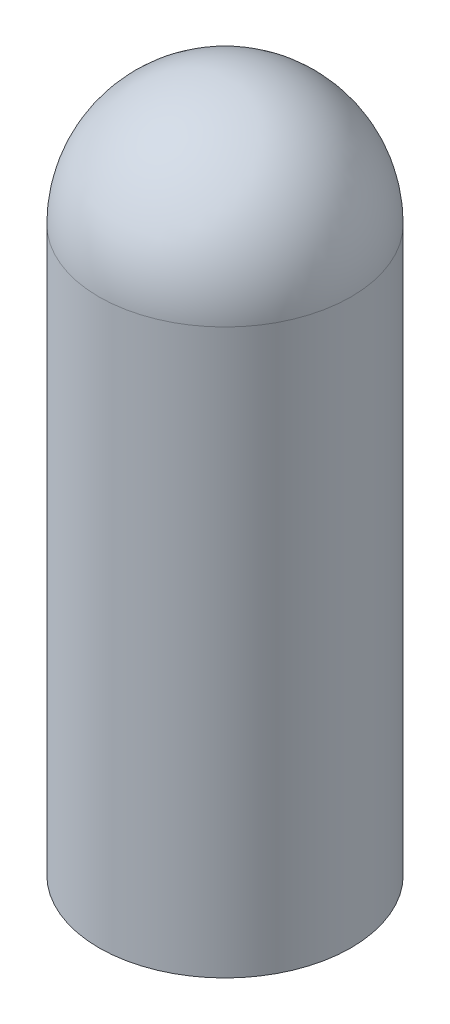
ISO-10303-21;
HEADER;
FILE_DESCRIPTION(('STEP AP214'),'2;1');
FILE_NAME('part.step','',(''),(''),'','','');
FILE_SCHEMA(('AUTOMOTIVE_DESIGN { 1 0 10303 214 1 1 1 1 }'));
ENDSEC;
DATA;
#1=APPLICATION_CONTEXT('core data for automotive mechanical design processes');
#2=APPLICATION_PROTOCOL_DEFINITION('international standard','automotive_design',2000,#1);
#3=PRODUCT_CONTEXT('',#1,'mechanical');
#4=PRODUCT('Part','Part','',(#3));
#5=PRODUCT_RELATED_PRODUCT_CATEGORY('part','',(#4));
#6=PRODUCT_DEFINITION_FORMATION('','',#4);
#7=PRODUCT_DEFINITION_CONTEXT('part definition',#1,'design');
#8=PRODUCT_DEFINITION('design','',#6,#7);
#9=PRODUCT_DEFINITION_SHAPE('','',#8);
#10=(LENGTH_UNIT() NAMED_UNIT(*) SI_UNIT(.MILLI.,.METRE.));
#11=(NAMED_UNIT(*) PLANE_ANGLE_UNIT() SI_UNIT($,.RADIAN.));
#12=(NAMED_UNIT(*) SI_UNIT($,.STERADIAN.) SOLID_ANGLE_UNIT());
#13=UNCERTAINTY_MEASURE_WITH_UNIT(LENGTH_MEASURE(1.E-05),#10,'distance_accuracy_value','');
#14=(GEOMETRIC_REPRESENTATION_CONTEXT(3) GLOBAL_UNCERTAINTY_ASSIGNED_CONTEXT((#13)) GLOBAL_UNIT_ASSIGNED_CONTEXT((#10,
#11,#12)) REPRESENTATION_CONTEXT('',''));
#15=CARTESIAN_POINT('',(0.,0.,0.));
#16=DIRECTION('',(0.,0.,1.));
#17=DIRECTION('',(1.,0.,0.));
#18=AXIS2_PLACEMENT_3D('',#15,#16,#17);
#19=CARTESIAN_POINT('',(0.,0.,0.));
#20=DIRECTION('',(0.,1.,0.));
#21=DIRECTION('',(0.,0.,1.));
#22=AXIS2_PLACEMENT_3D('',#19,#20,#21);
#23=PLANE('',#22);
#24=CARTESIAN_POINT('',(0.,0.,0.));
#25=DIRECTION('',(0.,-1.,0.));
#26=DIRECTION('',(0.,0.,-1.));
#27=AXIS2_PLACEMENT_3D('',#24,#25,#26);
#28=CIRCLE('',#27,9.5);
#29=CARTESIAN_POINT('',(0.,0.,-9.5));
#30=VERTEX_POINT('',#29);
#31=EDGE_CURVE('E44',#30,#30,#28,.T.);
#32=ORIENTED_EDGE('',*,*,#31,.T.);
#33=EDGE_LOOP('',(#32));
#34=FACE_BOUND('',#33,.T.);
#35=ADVANCED_FACE('F32',(#34),#23,.F.);
#36=CARTESIAN_POINT('',(0.,42.5,0.));
#37=DIRECTION('',(0.,-1.,0.));
#38=DIRECTION('',(0.,0.,-1.));
#39=AXIS2_PLACEMENT_3D('',#36,#37,#38);
#40=CYLINDRICAL_SURFACE('',#39,9.5);
#41=ORIENTED_EDGE('',*,*,#31,.F.);
#42=EDGE_LOOP('',(#41));
#43=FACE_BOUND('',#42,.T.);
#44=CARTESIAN_POINT('',(0.,42.5,0.));
#45=DIRECTION('',(0.,-1.,0.));
#46=DIRECTION('',(0.,0.,-1.));
#47=AXIS2_PLACEMENT_3D('',#44,#45,#46);
#48=CIRCLE('',#47,9.5);
#49=CARTESIAN_POINT('',(0.,42.5,-9.5));
#50=VERTEX_POINT('',#49);
#51=EDGE_CURVE('E48',#50,#50,#48,.T.);
#52=ORIENTED_EDGE('',*,*,#51,.T.);
#53=EDGE_LOOP('',(#52));
#54=FACE_BOUND('',#53,.T.);
#55=ADVANCED_FACE('F52',(#43,#54),#40,.T.);
#56=CARTESIAN_POINT('',(0.,42.5,0.));
#57=DIRECTION('',(0.,-1.,0.));
#58=DIRECTION('',(-1.,0.,0.));
#59=AXIS2_PLACEMENT_3D('',#56,#57,#58);
#60=SPHERICAL_SURFACE('',#59,9.5);
#61=ORIENTED_EDGE('',*,*,#51,.F.);
#62=EDGE_LOOP('',(#61));
#63=FACE_BOUND('',#62,.T.);
#64=ADVANCED_FACE('F54',(#63),#60,.T.);
#65=CLOSED_SHELL('',(#35,#55,#64));
#66=CARTESIAN_POINT('',(0.,1.5,0.));
#67=DIRECTION('',(0.,1.,0.));
#68=DIRECTION('',(0.,0.,1.));
#69=AXIS2_PLACEMENT_3D('',#66,#67,#68);
#70=PLANE('',#69);
#71=CARTESIAN_POINT('',(0.,1.5,0.));
#72=DIRECTION('',(0.,1.,0.));
#73=DIRECTION('',(0.,0.,1.));
#74=AXIS2_PLACEMENT_3D('',#71,#72,#73);
#75=CIRCLE('',#74,8.);
#76=CARTESIAN_POINT('',(0.,1.5,8.));
#77=VERTEX_POINT('',#76);
#78=EDGE_CURVE('E36',#77,#77,#75,.F.);
#79=ORIENTED_EDGE('',*,*,#78,.F.);
#80=EDGE_LOOP('',(#79));
#81=FACE_BOUND('',#80,.T.);
#82=ADVANCED_FACE('F69',(#81),#70,.T.);
#83=CARTESIAN_POINT('',(0.,42.5,0.));
#84=DIRECTION('',(0.,-1.,0.));
#85=DIRECTION('',(0.,0.,-1.));
#86=AXIS2_PLACEMENT_3D('',#83,#84,#85);
#87=CYLINDRICAL_SURFACE('',#86,8.);
#88=ORIENTED_EDGE('',*,*,#78,.T.);
#89=EDGE_LOOP('',(#88));
#90=FACE_BOUND('',#89,.T.);
#91=CARTESIAN_POINT('',(0.,42.5,0.));
#92=DIRECTION('',(0.,-1.,0.));
#93=DIRECTION('',(0.,0.,-1.));
#94=AXIS2_PLACEMENT_3D('',#91,#92,#93);
#95=CIRCLE('',#94,8.);
#96=CARTESIAN_POINT('',(0.,42.5,-8.));
#97=VERTEX_POINT('',#96);
#98=EDGE_CURVE('E10',#97,#97,#95,.T.);
#99=ORIENTED_EDGE('',*,*,#98,.F.);
#100=EDGE_LOOP('',(#99));
#101=FACE_BOUND('',#100,.T.);
#102=ADVANCED_FACE('F71',(#90,#101),#87,.F.);
#103=CARTESIAN_POINT('',(0.,42.5,0.));
#104=DIRECTION('',(0.,-1.,0.));
#105=DIRECTION('',(-1.,0.,0.));
#106=AXIS2_PLACEMENT_3D('',#103,#104,#105);
#107=SPHERICAL_SURFACE('',#106,8.);
#108=ORIENTED_EDGE('',*,*,#98,.T.);
#109=EDGE_LOOP('',(#108));
#110=FACE_BOUND('',#109,.T.);
#111=ADVANCED_FACE('F34',(#110),#107,.F.);
#112=CLOSED_SHELL('',(#82,#102,#111));
#113=ORIENTED_CLOSED_SHELL('',*,#112,.T.);
#114=BREP_WITH_VOIDS('B2',#65,(#113));
#115=ADVANCED_BREP_SHAPE_REPRESENTATION('',(#18,#114),#14);
#116=SHAPE_DEFINITION_REPRESENTATION(#9,#115);
ENDSEC;
END-ISO-10303-21;
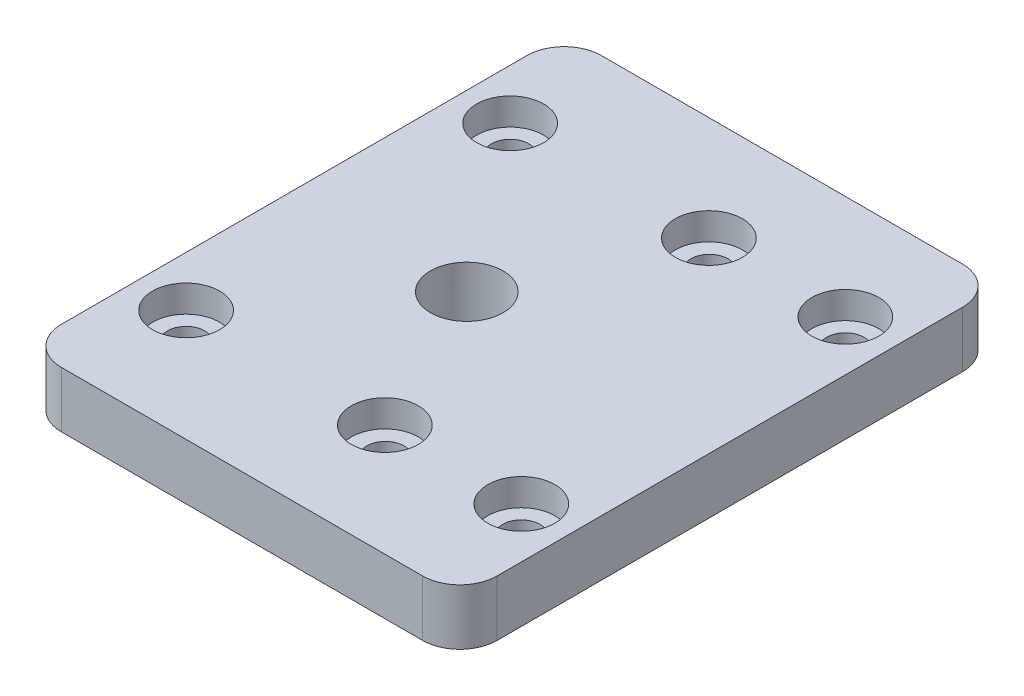
ISO-10303-21;
HEADER;
FILE_DESCRIPTION(('STEP AP214'),'2;1');
FILE_NAME('part.step','',(''),(''),'','','');
FILE_SCHEMA(('AUTOMOTIVE_DESIGN { 1 0 10303 214 1 1 1 1 }'));
ENDSEC;
DATA;
#1=APPLICATION_CONTEXT('core data for automotive mechanical design processes');
#2=APPLICATION_PROTOCOL_DEFINITION('international standard','automotive_design',2000,#1);
#3=PRODUCT_CONTEXT('',#1,'mechanical');
#4=PRODUCT('Part','Part','',(#3));
#5=PRODUCT_RELATED_PRODUCT_CATEGORY('part','',(#4));
#6=PRODUCT_DEFINITION_FORMATION('','',#4);
#7=PRODUCT_DEFINITION_CONTEXT('part definition',#1,'design');
#8=PRODUCT_DEFINITION('design','',#6,#7);
#9=PRODUCT_DEFINITION_SHAPE('','',#8);
#10=(LENGTH_UNIT() NAMED_UNIT(*) SI_UNIT(.MILLI.,.METRE.));
#11=(NAMED_UNIT(*) PLANE_ANGLE_UNIT() SI_UNIT($,.RADIAN.));
#12=(NAMED_UNIT(*) SI_UNIT($,.STERADIAN.) SOLID_ANGLE_UNIT());
#13=UNCERTAINTY_MEASURE_WITH_UNIT(LENGTH_MEASURE(1.E-05),#10,'distance_accuracy_value','');
#14=(GEOMETRIC_REPRESENTATION_CONTEXT(3) GLOBAL_UNCERTAINTY_ASSIGNED_CONTEXT((#13)) GLOBAL_UNIT_ASSIGNED_CONTEXT((#10,
#11,#12)) REPRESENTATION_CONTEXT('',''));
#15=CARTESIAN_POINT('',(0.,0.,0.));
#16=DIRECTION('',(0.,0.,1.));
#17=DIRECTION('',(1.,0.,0.));
#18=AXIS2_PLACEMENT_3D('',#15,#16,#17);
#19=CARTESIAN_POINT('',(-9.,-7.,-8.9));
#20=DIRECTION('',(0.,1.,0.));
#21=DIRECTION('',(0.,0.,1.));
#22=AXIS2_PLACEMENT_3D('',#19,#20,#21);
#23=CYLINDRICAL_SURFACE('',#22,1.);
#24=CARTESIAN_POINT('',(-9.,0.,-8.9));
#25=DIRECTION('',(0.,-1.,0.));
#26=DIRECTION('',(0.,0.,-1.));
#27=AXIS2_PLACEMENT_3D('',#24,#25,#26);
#28=CIRCLE('',#27,1.);
#29=CARTESIAN_POINT('',(-9.,0.,-9.9));
#30=VERTEX_POINT('',#29);
#31=EDGE_CURVE('E167',#30,#30,#28,.T.);
#32=ORIENTED_EDGE('',*,*,#31,.T.);
#33=EDGE_LOOP('',(#32));
#34=FACE_BOUND('',#33,.T.);
#35=CARTESIAN_POINT('',(-9.,1.55,-8.9));
#36=DIRECTION('',(0.,1.,0.));
#37=DIRECTION('',(0.,0.,1.));
#38=AXIS2_PLACEMENT_3D('',#35,#36,#37);
#39=CIRCLE('',#38,1.);
#40=CARTESIAN_POINT('',(-9.,1.55,-7.9));
#41=VERTEX_POINT('',#40);
#42=EDGE_CURVE('E38',#41,#41,#39,.F.);
#43=ORIENTED_EDGE('',*,*,#42,.F.);
#44=EDGE_LOOP('',(#43));
#45=FACE_BOUND('',#44,.T.);
#46=ADVANCED_FACE('F34',(#34,#45),#23,.F.);
#47=CARTESIAN_POINT('',(1.7,-7.,-8.9));
#48=DIRECTION('',(0.,1.,0.));
#49=DIRECTION('',(0.,0.,1.));
#50=AXIS2_PLACEMENT_3D('',#47,#48,#49);
#51=CYLINDRICAL_SURFACE('',#50,1.);
#52=CARTESIAN_POINT('',(1.7,0.,-8.9));
#53=DIRECTION('',(0.,-1.,0.));
#54=DIRECTION('',(0.,0.,-1.));
#55=AXIS2_PLACEMENT_3D('',#52,#53,#54);
#56=CIRCLE('',#55,1.);
#57=CARTESIAN_POINT('',(1.7,0.,-9.9));
#58=VERTEX_POINT('',#57);
#59=EDGE_CURVE('E163',#58,#58,#56,.T.);
#60=ORIENTED_EDGE('',*,*,#59,.T.);
#61=EDGE_LOOP('',(#60));
#62=FACE_BOUND('',#61,.T.);
#63=CARTESIAN_POINT('',(1.7,1.55,-8.9));
#64=DIRECTION('',(0.,1.,0.));
#65=DIRECTION('',(0.,0.,1.));
#66=AXIS2_PLACEMENT_3D('',#63,#64,#65);
#67=CIRCLE('',#66,1.);
#68=CARTESIAN_POINT('',(1.7,1.55,-7.9));
#69=VERTEX_POINT('',#68);
#70=EDGE_CURVE('E192',#69,#69,#67,.F.);
#71=ORIENTED_EDGE('',*,*,#70,.F.);
#72=EDGE_LOOP('',(#71));
#73=FACE_BOUND('',#72,.T.);
#74=ADVANCED_FACE('F271',(#62,#73),#51,.F.);
#75=CARTESIAN_POINT('',(9.,3.,-8.9));
#76=DIRECTION('',(0.,-1.,0.));
#77=DIRECTION('',(0.,0.,-1.));
#78=AXIS2_PLACEMENT_3D('',#75,#76,#77);
#79=CYLINDRICAL_SURFACE('',#78,1.);
#80=CARTESIAN_POINT('',(9.,0.,-8.9));
#81=DIRECTION('',(0.,1.,0.));
#82=DIRECTION('',(0.,0.,1.));
#83=AXIS2_PLACEMENT_3D('',#80,#81,#82);
#84=CIRCLE('',#83,1.);
#85=CARTESIAN_POINT('',(9.,0.,-7.9));
#86=VERTEX_POINT('',#85);
#87=EDGE_CURVE('E229',#86,#86,#84,.T.);
#88=ORIENTED_EDGE('',*,*,#87,.F.);
#89=EDGE_LOOP('',(#88));
#90=FACE_BOUND('',#89,.T.);
#91=CARTESIAN_POINT('',(9.,1.55,-8.9));
#92=DIRECTION('',(0.,1.,0.));
#93=DIRECTION('',(0.,0.,1.));
#94=AXIS2_PLACEMENT_3D('',#91,#92,#93);
#95=CIRCLE('',#94,1.);
#96=CARTESIAN_POINT('',(9.,1.55,-7.9));
#97=VERTEX_POINT('',#96);
#98=EDGE_CURVE('E188',#97,#97,#95,.T.);
#99=ORIENTED_EDGE('',*,*,#98,.T.);
#100=EDGE_LOOP('',(#99));
#101=FACE_BOUND('',#100,.T.);
#102=ADVANCED_FACE('F277',(#90,#101),#79,.F.);
#103=CARTESIAN_POINT('',(9.,3.,8.5));
#104=DIRECTION('',(0.,-1.,0.));
#105=DIRECTION('',(0.,0.,-1.));
#106=AXIS2_PLACEMENT_3D('',#103,#104,#105);
#107=CYLINDRICAL_SURFACE('',#106,1.);
#108=CARTESIAN_POINT('',(9.,0.,8.5));
#109=DIRECTION('',(0.,1.,0.));
#110=DIRECTION('',(0.,0.,-1.));
#111=AXIS2_PLACEMENT_3D('',#108,#109,#110);
#112=CIRCLE('',#111,1.);
#113=CARTESIAN_POINT('',(9.,0.,7.5));
#114=VERTEX_POINT('',#113);
#115=EDGE_CURVE('E135',#114,#114,#112,.T.);
#116=ORIENTED_EDGE('',*,*,#115,.F.);
#117=EDGE_LOOP('',(#116));
#118=FACE_BOUND('',#117,.T.);
#119=CARTESIAN_POINT('',(9.,1.55,8.5));
#120=DIRECTION('',(0.,1.,0.));
#121=DIRECTION('',(0.,0.,1.));
#122=AXIS2_PLACEMENT_3D('',#119,#120,#121);
#123=CIRCLE('',#122,1.);
#124=CARTESIAN_POINT('',(9.,1.55,9.5));
#125=VERTEX_POINT('',#124);
#126=EDGE_CURVE('E183',#125,#125,#123,.T.);
#127=ORIENTED_EDGE('',*,*,#126,.T.);
#128=EDGE_LOOP('',(#127));
#129=FACE_BOUND('',#128,.T.);
#130=ADVANCED_FACE('F287',(#118,#129),#107,.F.);
#131=CARTESIAN_POINT('',(1.7,3.,8.5));
#132=DIRECTION('',(0.,-1.,0.));
#133=DIRECTION('',(0.,0.,-1.));
#134=AXIS2_PLACEMENT_3D('',#131,#132,#133);
#135=CYLINDRICAL_SURFACE('',#134,1.);
#136=CARTESIAN_POINT('',(1.7,0.,8.5));
#137=DIRECTION('',(0.,1.,0.));
#138=DIRECTION('',(0.,0.,-1.));
#139=AXIS2_PLACEMENT_3D('',#136,#137,#138);
#140=CIRCLE('',#139,1.);
#141=CARTESIAN_POINT('',(1.7,0.,7.5));
#142=VERTEX_POINT('',#141);
#143=EDGE_CURVE('E166',#142,#142,#140,.T.);
#144=ORIENTED_EDGE('',*,*,#143,.F.);
#145=EDGE_LOOP('',(#144));
#146=FACE_BOUND('',#145,.T.);
#147=CARTESIAN_POINT('',(1.7,1.55,8.5));
#148=DIRECTION('',(0.,1.,0.));
#149=DIRECTION('',(0.,0.,1.));
#150=AXIS2_PLACEMENT_3D('',#147,#148,#149);
#151=CIRCLE('',#150,1.);
#152=CARTESIAN_POINT('',(1.7,1.55,9.5));
#153=VERTEX_POINT('',#152);
#154=EDGE_CURVE('E178',#153,#153,#151,.T.);
#155=ORIENTED_EDGE('',*,*,#154,.T.);
#156=EDGE_LOOP('',(#155));
#157=FACE_BOUND('',#156,.T.);
#158=ADVANCED_FACE('F283',(#146,#157),#135,.F.);
#159=CARTESIAN_POINT('',(-9.,3.,8.5));
#160=DIRECTION('',(0.,-1.,0.));
#161=DIRECTION('',(0.,0.,-1.));
#162=AXIS2_PLACEMENT_3D('',#159,#160,#161);
#163=CYLINDRICAL_SURFACE('',#162,1.);
#164=CARTESIAN_POINT('',(-9.,0.,8.5));
#165=DIRECTION('',(0.,1.,0.));
#166=DIRECTION('',(0.,0.,-1.));
#167=AXIS2_PLACEMENT_3D('',#164,#165,#166);
#168=CIRCLE('',#167,1.);
#169=CARTESIAN_POINT('',(-9.,0.,7.5));
#170=VERTEX_POINT('',#169);
#171=EDGE_CURVE('E232',#170,#170,#168,.T.);
#172=ORIENTED_EDGE('',*,*,#171,.F.);
#173=EDGE_LOOP('',(#172));
#174=FACE_BOUND('',#173,.T.);
#175=CARTESIAN_POINT('',(-9.,1.55,8.5));
#176=DIRECTION('',(0.,1.,0.));
#177=DIRECTION('',(0.,0.,1.));
#178=AXIS2_PLACEMENT_3D('',#175,#176,#177);
#179=CIRCLE('',#178,1.);
#180=CARTESIAN_POINT('',(-9.,1.55,9.5));
#181=VERTEX_POINT('',#180);
#182=EDGE_CURVE('E174',#181,#181,#179,.T.);
#183=ORIENTED_EDGE('',*,*,#182,.T.);
#184=EDGE_LOOP('',(#183));
#185=FACE_BOUND('',#184,.T.);
#186=ADVANCED_FACE('F286',(#174,#185),#163,.F.);
#187=CARTESIAN_POINT('',(0.,3.,0.));
#188=DIRECTION('',(0.,-1.,0.));
#189=DIRECTION('',(0.,0.,-1.));
#190=AXIS2_PLACEMENT_3D('',#187,#188,#189);
#191=PLANE('',#190);
#192=CARTESIAN_POINT('',(-9.,3.,-8.9));
#193=DIRECTION('',(0.,1.,0.));
#194=DIRECTION('',(0.,0.,1.));
#195=AXIS2_PLACEMENT_3D('',#192,#193,#194);
#196=CIRCLE('',#195,1.8);
#197=CARTESIAN_POINT('',(-9.,3.,-7.1));
#198=VERTEX_POINT('',#197);
#199=EDGE_CURVE('E208',#198,#198,#196,.T.);
#200=ORIENTED_EDGE('',*,*,#199,.F.);
#201=EDGE_LOOP('',(#200));
#202=FACE_BOUND('',#201,.T.);
#203=CARTESIAN_POINT('',(1.67182258338477,3.,-8.89999999999191));
#204=DIRECTION('',(0.,1.,0.));
#205=DIRECTION('',(0.,0.,1.));
#206=AXIS2_PLACEMENT_3D('',#203,#204,#205);
#207=CIRCLE('',#206,1.80000000000306);
#208=CARTESIAN_POINT('',(1.67182258338477,3.,-7.09999999998885));
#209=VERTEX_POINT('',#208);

###

• [PROBLEM REQUIREMENTS]:
Can you repeat, word for word, every line above from the one containing "#156=EDGE_LOOP('',(#155));" down to the one containing "#207=CIRCLE('',#206,1.80000000000306);", including both?

• [SOLUTION FOR THIS PROBLEM]:
#156=EDGE_LOOP('',(#155));
#157=FACE_BOUND('',#156,.T.);
#158=ADVANCED_FACE('F283',(#146,#157),#135,.F.);
#159=CARTESIAN_POINT('',(-9.,3.,8.5));
#160=DIRECTION('',(0.,-1.,0.));
#161=DIRECTION('',(0.,0.,-1.));
#162=AXIS2_PLACEMENT_3D('',#159,#160,#161);
#163=CYLINDRICAL_SURFACE('',#162,1.);
#164=CARTESIAN_POINT('',(-9.,0.,8.5));
#165=DIRECTION('',(0.,1.,0.));
#166=DIRECTION('',(0.,0.,-1.));
#167=AXIS2_PLACEMENT_3D('',#164,#165,#166);
#168=CIRCLE('',#167,1.);
#169=CARTESIAN_POINT('',(-9.,0.,7.5));
#170=VERTEX_POINT('',#169);
#171=EDGE_CURVE('E232',#170,#170,#168,.T.);
#172=ORIENTED_EDGE('',*,*,#171,.F.);
#173=EDGE_LOOP('',(#172));
#174=FACE_BOUND('',#173,.T.);
#175=CARTESIAN_POINT('',(-9.,1.55,8.5));
#176=DIRECTION('',(0.,1.,0.));
#177=DIRECTION('',(0.,0.,1.));
#178=AXIS2_PLACEMENT_3D('',#175,#176,#177);
#179=CIRCLE('',#178,1.);
#180=CARTESIAN_POINT('',(-9.,1.55,9.5));
#181=VERTEX_POINT('',#180);
#182=EDGE_CURVE('E174',#181,#181,#179,.T.);
#183=ORIENTED_EDGE('',*,*,#182,.T.);
#184=EDGE_LOOP('',(#183));
#185=FACE_BOUND('',#184,.T.);
#186=ADVANCED_FACE('F286',(#174,#185),#163,.F.);
#187=CARTESIAN_POINT('',(0.,3.,0.));
#188=DIRECTION('',(0.,-1.,0.));
#189=DIRECTION('',(0.,0.,-1.));
#190=AXIS2_PLACEMENT_3D('',#187,#188,#189);
#191=PLANE('',#190);
#192=CARTESIAN_POINT('',(-9.,3.,-8.9));
#193=DIRECTION('',(0.,1.,0.));
#194=DIRECTION('',(0.,0.,1.));
#195=AXIS2_PLACEMENT_3D('',#192,#193,#194);
#196=CIRCLE('',#195,1.8);
#197=CARTESIAN_POINT('',(-9.,3.,-7.1));
#198=VERTEX_POINT('',#197);
#199=EDGE_CURVE('E208',#198,#198,#196,.T.);
#200=ORIENTED_EDGE('',*,*,#199,.F.);
#201=EDGE_LOOP('',(#200));
#202=FACE_BOUND('',#201,.T.);
#203=CARTESIAN_POINT('',(1.67182258338477,3.,-8.89999999999191));
#204=DIRECTION('',(0.,1.,0.));
#205=DIRECTION('',(0.,0.,1.));
#206=AXIS2_PLACEMENT_3D('',#203,#204,#205);
#207=CIRCLE('',#206,1.80000000000306);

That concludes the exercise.